*** Task inputs Section Begins ***

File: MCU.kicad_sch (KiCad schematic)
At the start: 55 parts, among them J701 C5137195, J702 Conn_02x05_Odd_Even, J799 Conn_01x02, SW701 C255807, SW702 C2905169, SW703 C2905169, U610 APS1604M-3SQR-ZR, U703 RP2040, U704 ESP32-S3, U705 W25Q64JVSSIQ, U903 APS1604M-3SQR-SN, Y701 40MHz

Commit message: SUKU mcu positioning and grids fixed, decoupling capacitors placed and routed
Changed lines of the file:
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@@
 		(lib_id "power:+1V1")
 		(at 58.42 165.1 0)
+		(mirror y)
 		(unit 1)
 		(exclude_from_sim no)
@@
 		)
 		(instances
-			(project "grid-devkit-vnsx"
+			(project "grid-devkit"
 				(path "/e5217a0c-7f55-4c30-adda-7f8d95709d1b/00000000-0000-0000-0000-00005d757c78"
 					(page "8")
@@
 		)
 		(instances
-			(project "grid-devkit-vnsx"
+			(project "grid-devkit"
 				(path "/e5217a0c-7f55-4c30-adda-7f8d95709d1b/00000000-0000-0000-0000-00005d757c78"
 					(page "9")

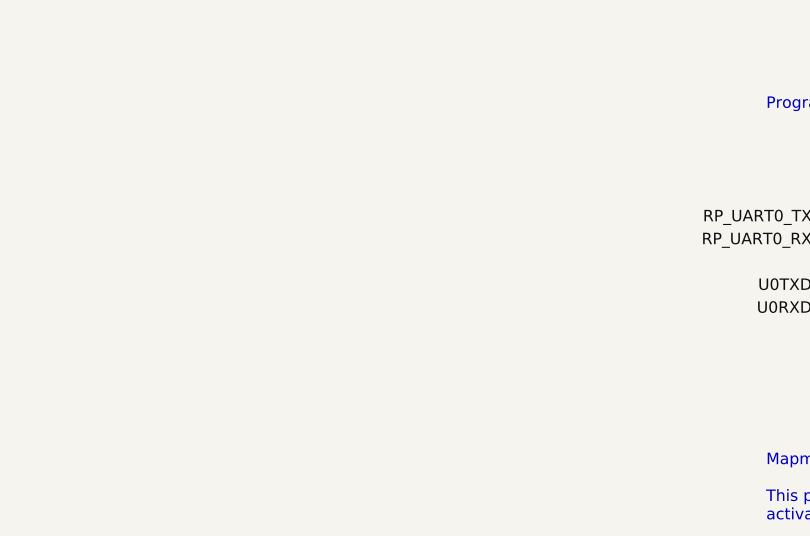
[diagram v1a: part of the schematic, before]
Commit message: SUKU analog layout grid alignment fixed, mcu connection routed
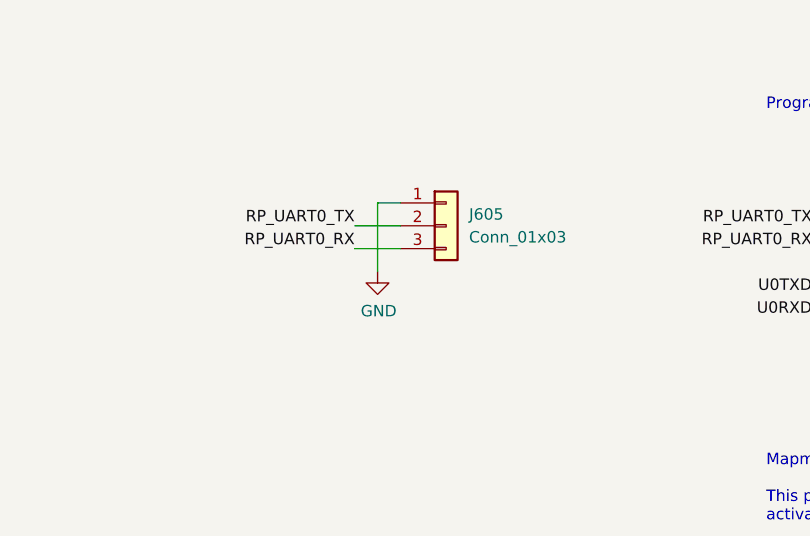
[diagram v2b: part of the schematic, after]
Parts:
- added J605: Conn_01x03, Connector_PinHeader_2.54mm:PinHeader_1x03_P2.54mm_Vertical, symbol Connector_Generic:Conn_01x03
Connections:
- net GND: now also J605.1 (Pin_1)
- net RP_UART0_RX: now also J605.3 (Pin_3)
- net RP_UART0_TX: now also J605.2 (Pin_2)
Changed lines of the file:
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@@
 	(wire
 		(pts
+			(xy 294.64 50.8) (xy 294.64 43.18)
+		)
+		(stroke
+			(width 0)
+			(type default)
+		)
+	)
+	(wire
+		(pts
 			(xy 147.32 38.1) (xy 154.94 38.1)
 		)
@@
 	(wire
 		(pts
+			(xy 292.1 45.72) (xy 297.18 45.72)
+		)
+		(stroke
+			(width 0)
+			(type default)
+		)
+	)
+	(wire
+		(pts
 			(xy 88.9 256.54) (xy 93.98 256.54)
 		)
@@
 	(wire
 		(pts
+			(xy 292.1 48.26) (xy 297.18 48.26)
+		)
+		(stroke
+			(width 0)
+			(type default)
+		)
+	)
+	(wire
+		(pts
 			(xy 147.32 45.72) (xy 147.32 48.26)
 		)
@@
 	(wire
 		(pts
+			(xy 294.64 43.18) (xy 297.18 43.18)
+		)
+		(stroke
+			(width 0)
+			(type default)
+		)
+	)
+	(wire
+		(pts
 			(xy 360.68 132.08) (xy 360.68 134.62)
 		)
@@
 		)
 	)
+	(label "RP_UART0_RX"
+		(at 292.1 48.26 180)
+		(effects
+			(font
+				(size 1.27 1.27)
+			)
+			(justify right bottom)
+		)
+	)
 	(label "GRID_SYNC_1"
 		(at 93.98 251.46 0)
@@
 		)
 	)
+	(label "RP_UART0_TX"
+		(at 292.1 45.72 180)
+		(effects
+			(font
+				(size 1.27 1.27)
+			)
+			(justify right bottom)
+		)
+	)
 	(label "SPICS1"
 		(at 259.08 180.34 180)
@@
 	)
 	(symbol
+		(lib_id "Connector_Generic:Conn_01x03")
+		(at 302.26 45.72 0)
+		(unit 1)
+		(exclude_from_sim no)
+		(in_bom yes)
+		(on_board yes)
+		(dnp no)
+		(fields_autoplaced yes)
+		(property "Reference" "J605"
+			(at 304.8 44.4499 0)
+			(effects
+				(font
+					(size 1.27 1.27)
+				)
+				(justify left)
+			)
+		)
+		(property "Value" "Conn_01x03"
+			(at 304.8 46.9899 0)
+			(effects
+				(font
+					(size 1.27 1.27)
+				)
+				(justify left)
+			)
+		)
+		(property "Footprint" "Connector_PinHeader_2.54mm:PinHeader_1x03_P2.54mm_Vertical"
+			(at 302.26 45.72 0)
+			(effects
+				(font
+					(size 1.27 1.27)
+				)
+				(hide yes)
+			)
+		)
+		(property "Datasheet" "~"
+			(at 302.26 45.72 0)
+			(effects
+				(font
+					(size 1.27 1.27)
+				)
+				(hide yes)
+			)
+		)
+		(property "Description" "Generic connector, single row, 01x03, script generated (kicad-library-utils/schlib/autogen/connector/)"
+			(at 302.26 45.72 0)
+			(effects
+				(font
+					(size 1.27 1.27)
+				)
+				(hide yes)
+			)
+		)
+		(pin "3"
+		)
+		(pin "2"
+		)
+		(pin "1"
+		)
+		(instances
+			(project "grid-devkit"
+				(path "/e5217a0c-7f55-4c30-adda-7f8d95709d1b/00000000-0000-0000-0000-00005d757c78"
+					(reference "J605")
+					(unit 1)
+				)
+			)
+		)
+	)
+	(symbol
 		(lib_name "GND_7")
 		(lib_id "power:GND")
@@
 					(unit 1)
 				)
+			)
+		)
+	)
+	(symbol
+		(lib_name "GND_18")
+		(lib_id "power:GND")
+		(at 294.64 50.8 0)
+		(unit 1)
+		(exclude_from_sim no)
+		(in_bom yes)
+		(on_board yes)
+		(dnp no)
+		(property "Reference" "#PWR0854"
+			(at 294.64 57.15 0)
+			(effects
+				(font
+					(size 1.27 1.27)
+				)
+				(hide yes)
+			)
+		)
+		(property "Value" "GND"
+			(at 294.767 55.1942 0)
+			(effects
+				(font
+					(size 1.27 1.27)
+				)
+			)
+		)
+		(property "Footprint" ""
+			(at 294.64 50.8 0)
+			(effects
+				(font
+					(size 1.27 1.27)
+				)
+				(hide yes)
+			)
+		)
+		(property "Datasheet" ""
+			(at 294.64 50.8 0)
+			(effects
+				(font
+					(size 1.27 1.27)
+				)
+				(hide yes)
+			)
+		)
+		(property "Description" ""
+			(at 294.64 50.8 0)
+			(effects
+				(font
+					(size 1.27 1.27)
+				)
+				(hide yes)
+			)
+		)
+		(pin "1"
+		)
+		(instances
+			(project "grid-devkit"
+				(path "/e5217a0c-7f55-4c30-adda-7f8d95709d1b/00000000-0000-0000-0000-00005d757c78"
+					(reference "#PWR0854")
+					(unit 1)
+				)

*** Task inputs Section Ends ***

■ **What the exercise asks**: An exact copy of the records is required. Pictures do not belong in it.

■ **Task response**:
File: MCU.kicad_sch (KiCad schematic)
At the start: 55 parts, among them J701 C5137195, J702 Conn_02x05_Odd_Even, J799 Conn_01x02, SW701 C255807, SW702 C2905169, SW703 C2905169, U610 APS1604M-3SQR-ZR, U703 RP2040, U704 ESP32-S3, U705 W25Q64JVSSIQ, U903 APS1604M-3SQR-SN, Y701 40MHz

Commit message: SUKU mcu positioning and grids fixed, decoupling capacitors placed and routed
Changed lines of the file:
@@
 		(lib_id "power:+1V1")
 		(at 58.42 165.1 0)
+		(mirror y)
 		(unit 1)
 		(exclude_from_sim no)
@@
 		)
 		(instances
-			(project "grid-devkit-vnsx"
+			(project "grid-devkit"
 				(path "/e5217a0c-7f55-4c30-adda-7f8d95709d1b/00000000-0000-0000-0000-00005d757c78"
 					(page "8")
@@
 		)
 		(instances
-			(project "grid-devkit-vnsx"
+			(project "grid-devkit"
 				(path "/e5217a0c-7f55-4c30-adda-7f8d95709d1b/00000000-0000-0000-0000-00005d757c78"
 					(page "9")

[diagram v1a: part of the schematic, before]
Commit message: SUKU analog layout grid alignment fixed, mcu connection routed
[diagram v2b: part of the schematic, after]
Parts:
- added J605: Conn_01x03, Connector_PinHeader_2.54mm:PinHeader_1x03_P2.54mm_Vertical, symbol Connector_Generic:Conn_01x03
Connections:
- net GND: now also J605.1 (Pin_1)
- net RP_UART0_RX: now also J605.3 (Pin_3)
- net RP_UART0_TX: now also J605.2 (Pin_2)
Changed lines of the file:
@@
 	(wire
 		(pts
+			(xy 294.64 50.8) (xy 294.64 43.18)
+		)
+		(stroke
+			(width 0)
+			(type default)
+		)
+	)
+	(wire
+		(pts
 			(xy 147.32 38.1) (xy 154.94 38.1)
 		)
@@
 	(wire
 		(pts
+			(xy 292.1 45.72) (xy 297.18 45.72)
+		)
+		(stroke
+			(width 0)
+			(type default)
+		)
+	)
+	(wire
+		(pts
 			(xy 88.9 256.54) (xy 93.98 256.54)
 		)
@@
 	(wire
 		(pts
+			(xy 292.1 48.26) (xy 297.18 48.26)
+		)
+		(stroke
+			(width 0)
+			(type default)
+		)
+	)
+	(wire
+		(pts
 			(xy 147.32 45.72) (xy 147.32 48.26)
 		)
@@
 	(wire
 		(pts
+			(xy 294.64 43.18) (xy 297.18 43.18)
+		)
+		(stroke
+			(width 0)
+			(type default)
+		)
+	)
+	(wire
+		(pts
 			(xy 360.68 132.08) (xy 360.68 134.62)
 		)
@@
 		)
 	)
+	(label "RP_UART0_RX"
+		(at 292.1 48.26 180)
+		(effects
+			(font
+				(size 1.27 1.27)
+			)
+			(justify right bottom)
+		)
+	)
 	(label "GRID_SYNC_1"
 		(at 93.98 251.46 0)
@@
 		)
 	)
+	(label "RP_UART0_TX"
+		(at 292.1 45.72 180)
+		(effects
+			(font
+				(size 1.27 1.27)
+			)
+			(justify right bottom)
+		)
+	)
 	(label "SPICS1"
 		(at 259.08 180.34 180)
@@
 	)
 	(symbol
+		(lib_id "Connector_Generic:Conn_01x03")
+		(at 302.26 45.72 0)
+		(unit 1)
+		(exclude_from_sim no)
+		(in_bom yes)
+		(on_board yes)
+		(dnp no)
+		(fields_autoplaced yes)
+		(property "Reference" "J605"
+			(at 304.8 44.4499 0)
+			(effects
+				(font
+					(size 1.27 1.27)
+				)
+				(justify left)
+			)
+		)
+		(property "Value" "Conn_01x03"
+			(at 304.8 46.9899 0)
+			(effects
+				(font
+					(size 1.27 1.27)
+				)
+				(justify left)
+			)
+		)
+		(property "Footprint" "Connector_PinHeader_2.54mm:PinHeader_1x03_P2.54mm_Vertical"
+			(at 302.26 45.72 0)
+			(effects
+				(font
+					(size 1.27 1.27)
+				)
+				(hide yes)
+			)
+		)
+		(property "Datasheet" "~"
+			(at 302.26 45.72 0)
+			(effects
+				(font
+					(size 1.27 1.27)
+				)
+				(hide yes)
+			)
+		)
+		(property "Description" "Generic connector, single row, 01x03, script generated (kicad-library-utils/schlib/autogen/connector/)"
+			(at 302.26 45.72 0)
+			(effects
+				(font
+					(size 1.27 1.27)
+				)
+				(hide yes)
+			)
+		)
+		(pin "3"
+		)
+		(pin "2"
+		)
+		(pin "1"
+		)
+		(instances
+			(project "grid-devkit"
+				(path "/e5217a0c-7f55-4c30-adda-7f8d95709d1b/00000000-0000-0000-0000-00005d757c78"
+					(reference "J605")
+					(unit 1)
+				)
+			)
+		)
+	)
+	(symbol
 		(lib_name "GND_7")
 		(lib_id "power:GND")
@@
 					(unit 1)
 				)
+			)
+		)
+	)
+	(symbol
+		(lib_name "GND_18")
+		(lib_id "power:GND")
+		(at 294.64 50.8 0)
+		(unit 1)
+		(exclude_from_sim no)
+		(in_bom yes)
+		(on_board yes)
+		(dnp no)
+		(property "Reference" "#PWR0854"
+			(at 294.64 57.15 0)
+			(effects
+				(font
+					(size 1.27 1.27)
+				)
+				(hide yes)
+			)
+		)
+		(property "Value" "GND"
+			(at 294.767 55.1942 0)
+			(effects
+				(font
+					(size 1.27 1.27)
+				)
+			)
+		)
+		(property "Footprint" ""
+			(at 294.64 50.8 0)
+			(effects
+				(font
+					(size 1.27 1.27)
+				)
+				(hide yes)
+			)
+		)
+		(property "Datasheet" ""
+			(at 294.64 50.8 0)
+			(effects
+				(font
+					(size 1.27 1.27)
+				)
+				(hide yes)
+			)
+		)
+		(property "Description" ""
+			(at 294.64 50.8 0)
+			(effects
+				(font
+					(size 1.27 1.27)
+				)
+				(hide yes)
+			)
+		)
+		(pin "1"
+		)
+		(instances
+			(project "grid-devkit"
+				(path "/e5217a0c-7f55-4c30-adda-7f8d95709d1b/00000000-0000-0000-0000-00005d757c78"
+					(reference "#PWR0854")
+					(unit 1)
+				)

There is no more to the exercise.